The third property is aimed at increasing adoption of the system. New
hardware requires additional expenditure, overhead of maintenance, and
time overhead of installing the needed hardware. A typical solution to
reduce external bandwidth traditionally used by organizations is to
install a centralized proxy for caching web data. Clients in the
organization first attempt to get their desired web content from the
proxy before falling back to the origin server. The problem with this
approach is the overhead of maintenance, the possibility of
centralized failure, and poor scalability. In contrast, InHome should
be a distributed peer-to-peer system that does not require additional
hardware.

The last property states that the system should be flexible enough to
be adapted to different settings.  Organization sizes vary from very
small, such as start-up companies with about $100-1000$ computers, to
very large, with $10,000-100,000$ computers such as a university
campus or large organization (e.g. Microsoft).

% One scenario in which a system such as InHome would be useful is a
% conference. In such a setting, within a small area, there are about
% $100 - 1,000$ computers that have wireless access via the few WAP-s
% located in the proximity. The DSL link outgoing from the WAP is a
% bottleneck because it can only support a limited number of connections
% simultaneously, which results in the usual bad latency experience at a
% conference. However, clients have high bandwidth links and low latency
% to communicate with each other using their ad-hoc wireless mode of
% operation.
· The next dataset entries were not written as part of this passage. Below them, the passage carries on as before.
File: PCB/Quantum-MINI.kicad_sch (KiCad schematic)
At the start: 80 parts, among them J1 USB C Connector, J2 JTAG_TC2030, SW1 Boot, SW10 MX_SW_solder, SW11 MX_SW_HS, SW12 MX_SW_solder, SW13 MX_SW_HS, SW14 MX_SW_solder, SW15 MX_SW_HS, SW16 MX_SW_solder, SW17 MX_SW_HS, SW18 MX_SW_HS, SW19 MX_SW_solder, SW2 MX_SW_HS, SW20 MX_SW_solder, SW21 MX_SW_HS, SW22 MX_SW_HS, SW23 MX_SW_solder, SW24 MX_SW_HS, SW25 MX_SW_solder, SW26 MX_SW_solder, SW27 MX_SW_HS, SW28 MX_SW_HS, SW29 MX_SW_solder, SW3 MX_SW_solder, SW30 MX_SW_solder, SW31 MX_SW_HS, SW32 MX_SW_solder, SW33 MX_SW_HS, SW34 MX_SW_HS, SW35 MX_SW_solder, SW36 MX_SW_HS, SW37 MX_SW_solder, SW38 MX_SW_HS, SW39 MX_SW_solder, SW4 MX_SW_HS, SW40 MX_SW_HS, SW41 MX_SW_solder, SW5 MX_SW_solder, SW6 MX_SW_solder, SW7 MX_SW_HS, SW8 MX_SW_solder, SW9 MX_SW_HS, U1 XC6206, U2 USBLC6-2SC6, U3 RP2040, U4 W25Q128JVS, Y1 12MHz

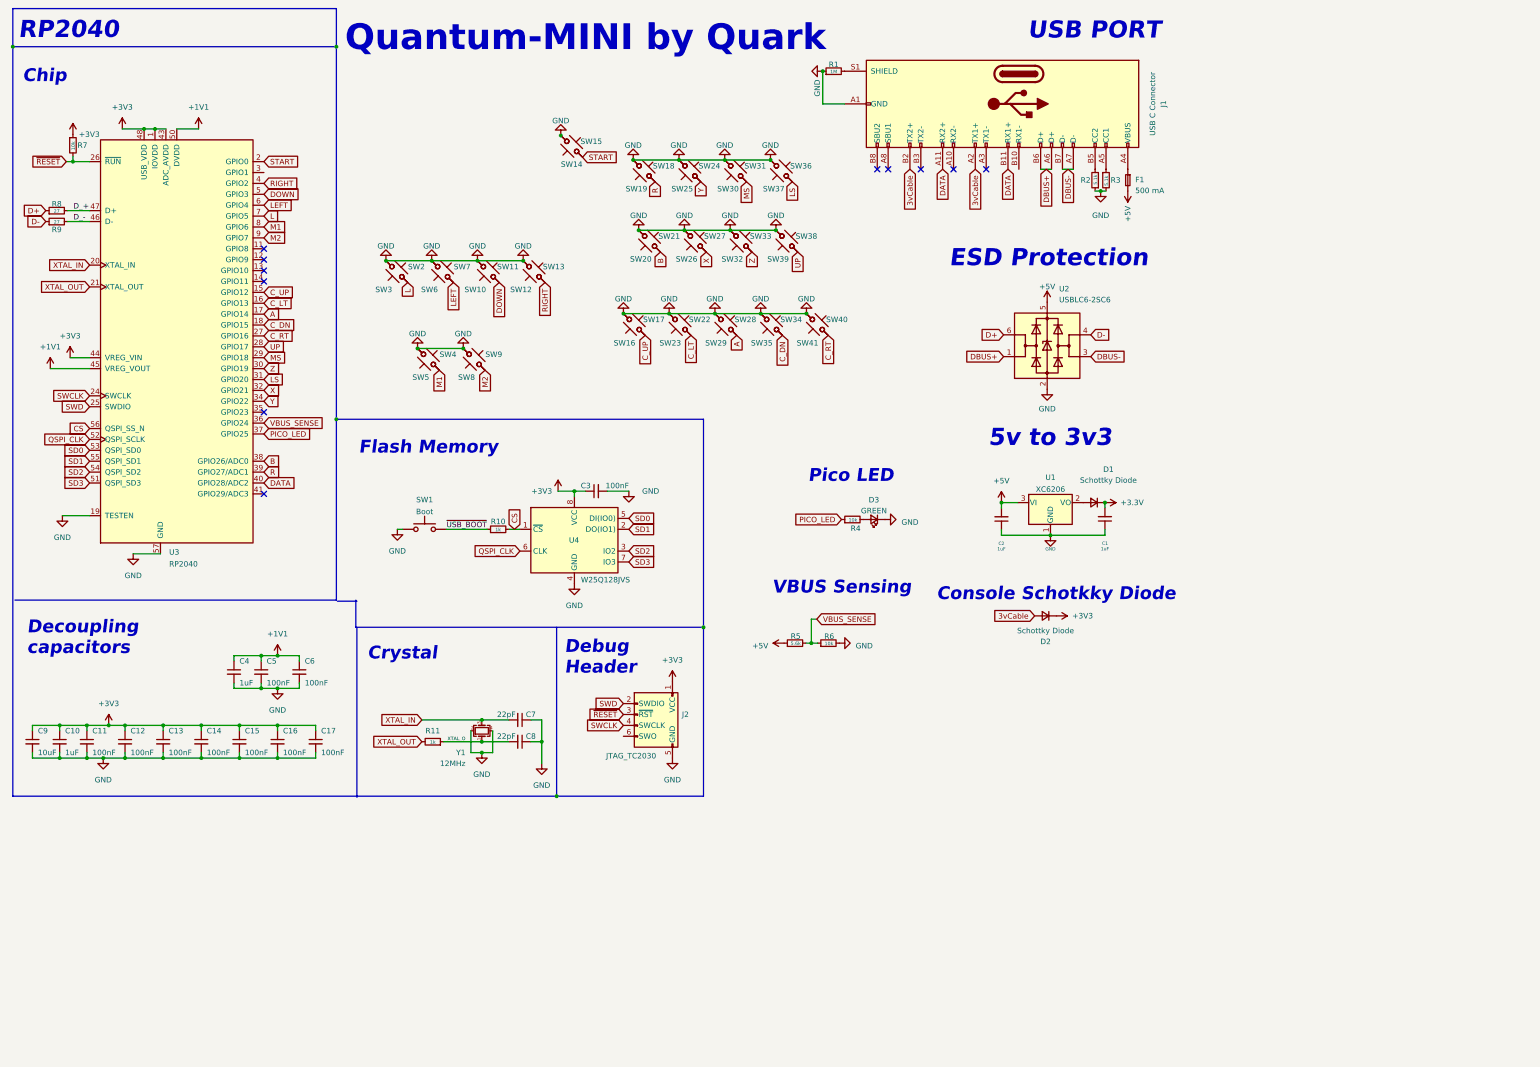
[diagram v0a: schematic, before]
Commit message: Decided to use a daughterboard
- Removed USB port
- Re-arranged rp2040 circuit
- Added USB passthrough
- Adjusted board outline
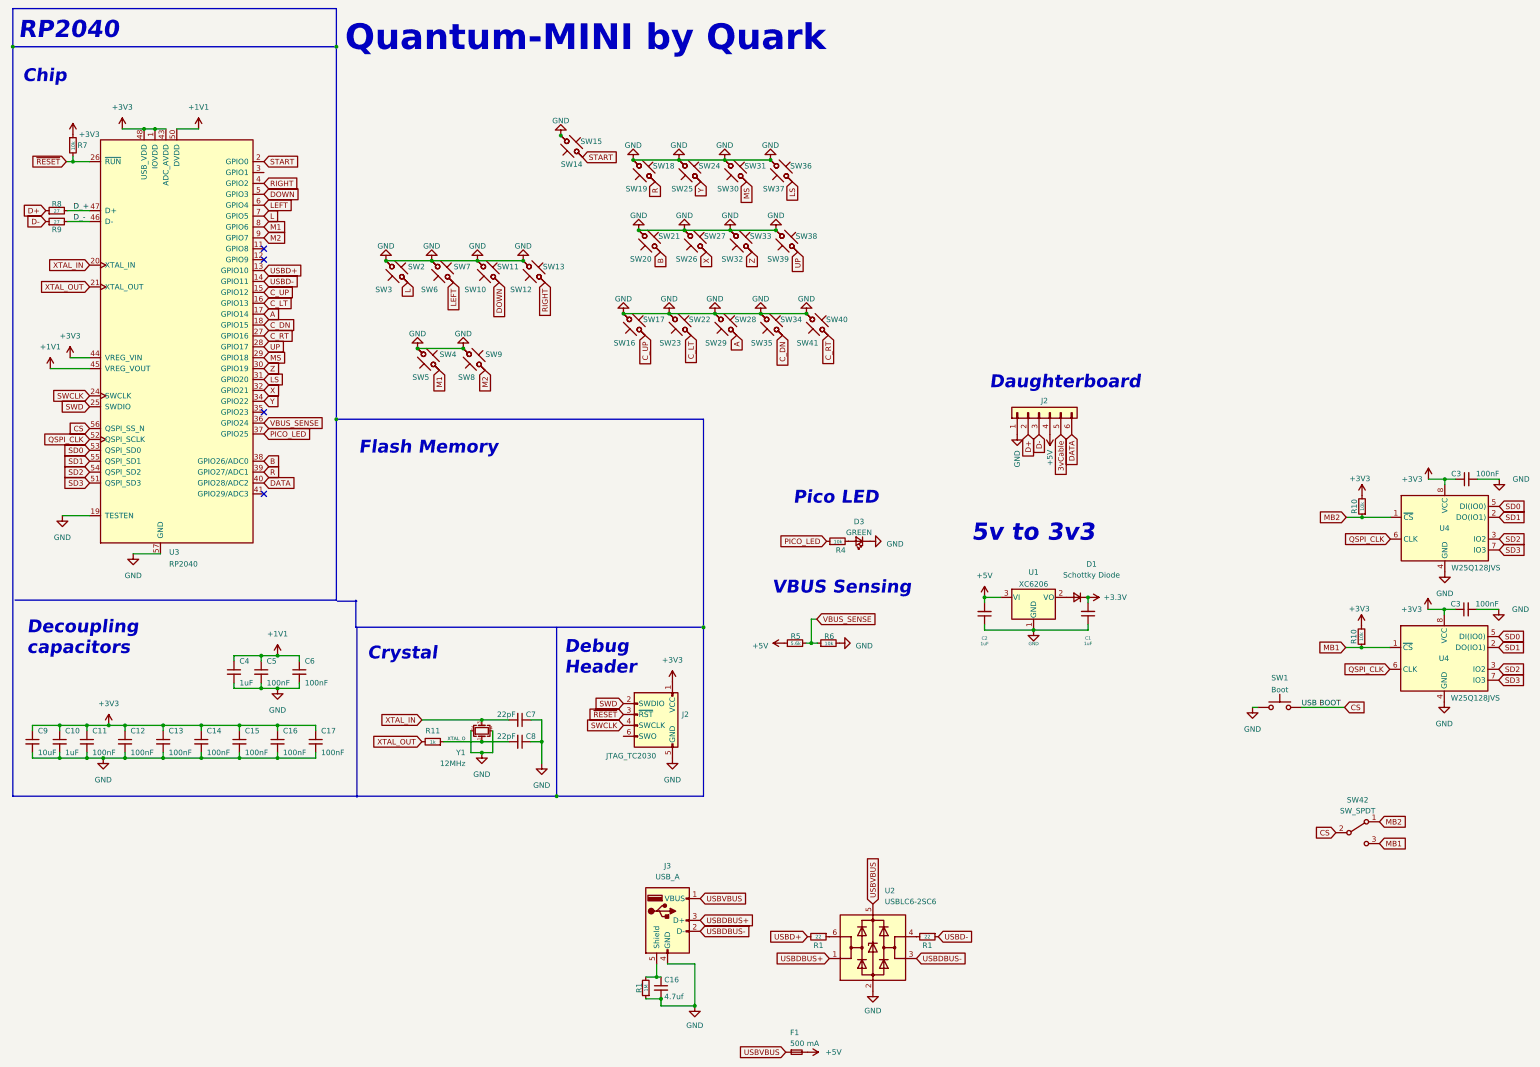
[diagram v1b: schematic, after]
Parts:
- removed D2: Schottky Diode, Diode_SMD:D_SOD-123, symbol Device:D_Small
- removed J1: USB C Connector, footprints:TYPE-C_24P_QCHT, symbol Connector:USB_C_Receptacle
- removed R1: 1M, Resistor_SMD:R_0603_1608Metric, symbol Device:R_Small
- removed R2, R3: 5.1k, Resistor_SMD:R_0402_1005Metric, symbol Device:R_Small
- added C16: 4.7uf, Capacitor_SMD:C_0603_1608Metric, symbol Device:C_Small
- added C3: 100nF, Capacitor_SMD:C_0402_1005Metric, symbol Device:C_Small
- added J2: Conn_01x06, Connector_PinSocket_2.54mm:PinSocket_1x06_P2.54mm_Horizontal, symbol Connector_Generic:Conn_01x06
- added J3: USB_A, USB1130-15-A:GCT_USB1130-15-A_REVA, symbol Connector:USB_A
- added R1: 1M, Resistor_SMD:R_0603_1608Metric, symbol Device:R_Small
- added R1 (x2): 22, Resistor_SMD:R_0603_1608Metric, symbol Device:R_Small
- added R10: 10k, Resistor_SMD:R_0402_1005Metric, symbol Device:R_Small
- added SW42: SW_SPDT, Button_Switch_SMD:SW_SPDT_PCM12, symbol Switch:SW_SPDT
- added U4: W25Q128JVS, Package_SO:SOIC-8_5.23x5.23mm_P1.27mm, symbol Memory_Flash:W25Q128JVS
- R10: value 1k -> 10k
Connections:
- net +3V3: now also R10.2, C3.1, R10.2, U4.8 (VCC)
- net +5V: now also J2.4 (Pin_4); no longer U2.5 (VBUS)
- net 3vCable: now also J2.5 (Pin_5)
- net CS: now also SW1.2, SW42.2 (B); no longer R10.2, U4.1 (~{CS})
- net D+: now also J2.2 (Pin_2); no longer U2.6 (I/O1)
- net D-: now also J2.3 (Pin_3); no longer U2.4 (I/O2)
- net DATA: now also J2.6 (Pin_6)
- net GND: now also C16.2, C3.2, J2.1 (Pin_1), J3.4 (GND), R1.1, U4.4 (GND)
- net QSPI_CLK: now also U4.6 (CLK)
- net SD0: now also U4.5 (DI(IO0))
- net SD1: now also U4.2 (DO(IO1))
- net SD2: now also U4.3 (IO2)
- net SD3: now also U4.7 (IO3)
- net USBVBUS: now reaches F1.1
- net USBVBUS: now also U2.5 (VBUS), J3.1 (VBUS)
- net USBD+: now reaches U3.13 (GPIO10)
- net USBD+: now also R1.2
- net USBD-: now reaches U3.14 (GPIO11)
- net USBD-: now also R1.1
- net DBUS+ renamed USBDBUS+
- net USBDBUS+: now also J3.3 (D+)
- net DBUS- renamed USBDBUS-
- net USBDBUS-: now also J3.2 (D-)
- net ~{USB_BOOT} renamed MB1
- net MB1: now also U4.1 (~{CS}), SW42.3 (C); no longer SW1.2
- new net: C16.1, J3.5 (Shield), R1.2
- new net: R1.1, U2.6 (I/O1)
- new net: R1.2, U2.4 (I/O2)
- new net MB2: R10.1, SW42.1 (A), U4.1 (~{CS})
- no-connect marks 11 -> 4
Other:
- note added: "Daughterboard"
- note removed: "Console Schotkky Diode"
- note removed: "ESD Protection"
- note removed: "USB PORT"
- moved on the sheet: C1, C2, C3, D1, D3, R10, R4, SW1, U1, U4

For example, a typical infrastructure data rate to an
% external server is of $\approx 10 Kbps$ while the ad-hoc connection is
% $\approx 11 Mbps$. InHome should remove the stereotypical traffic
% overhead at a conference such as the conference schedule, speakers'
% webpages, weather forecast at that location, etc. This can result in
% less bottleneck at the DSL links as well as better latency for the
% common content because it can be found at another client.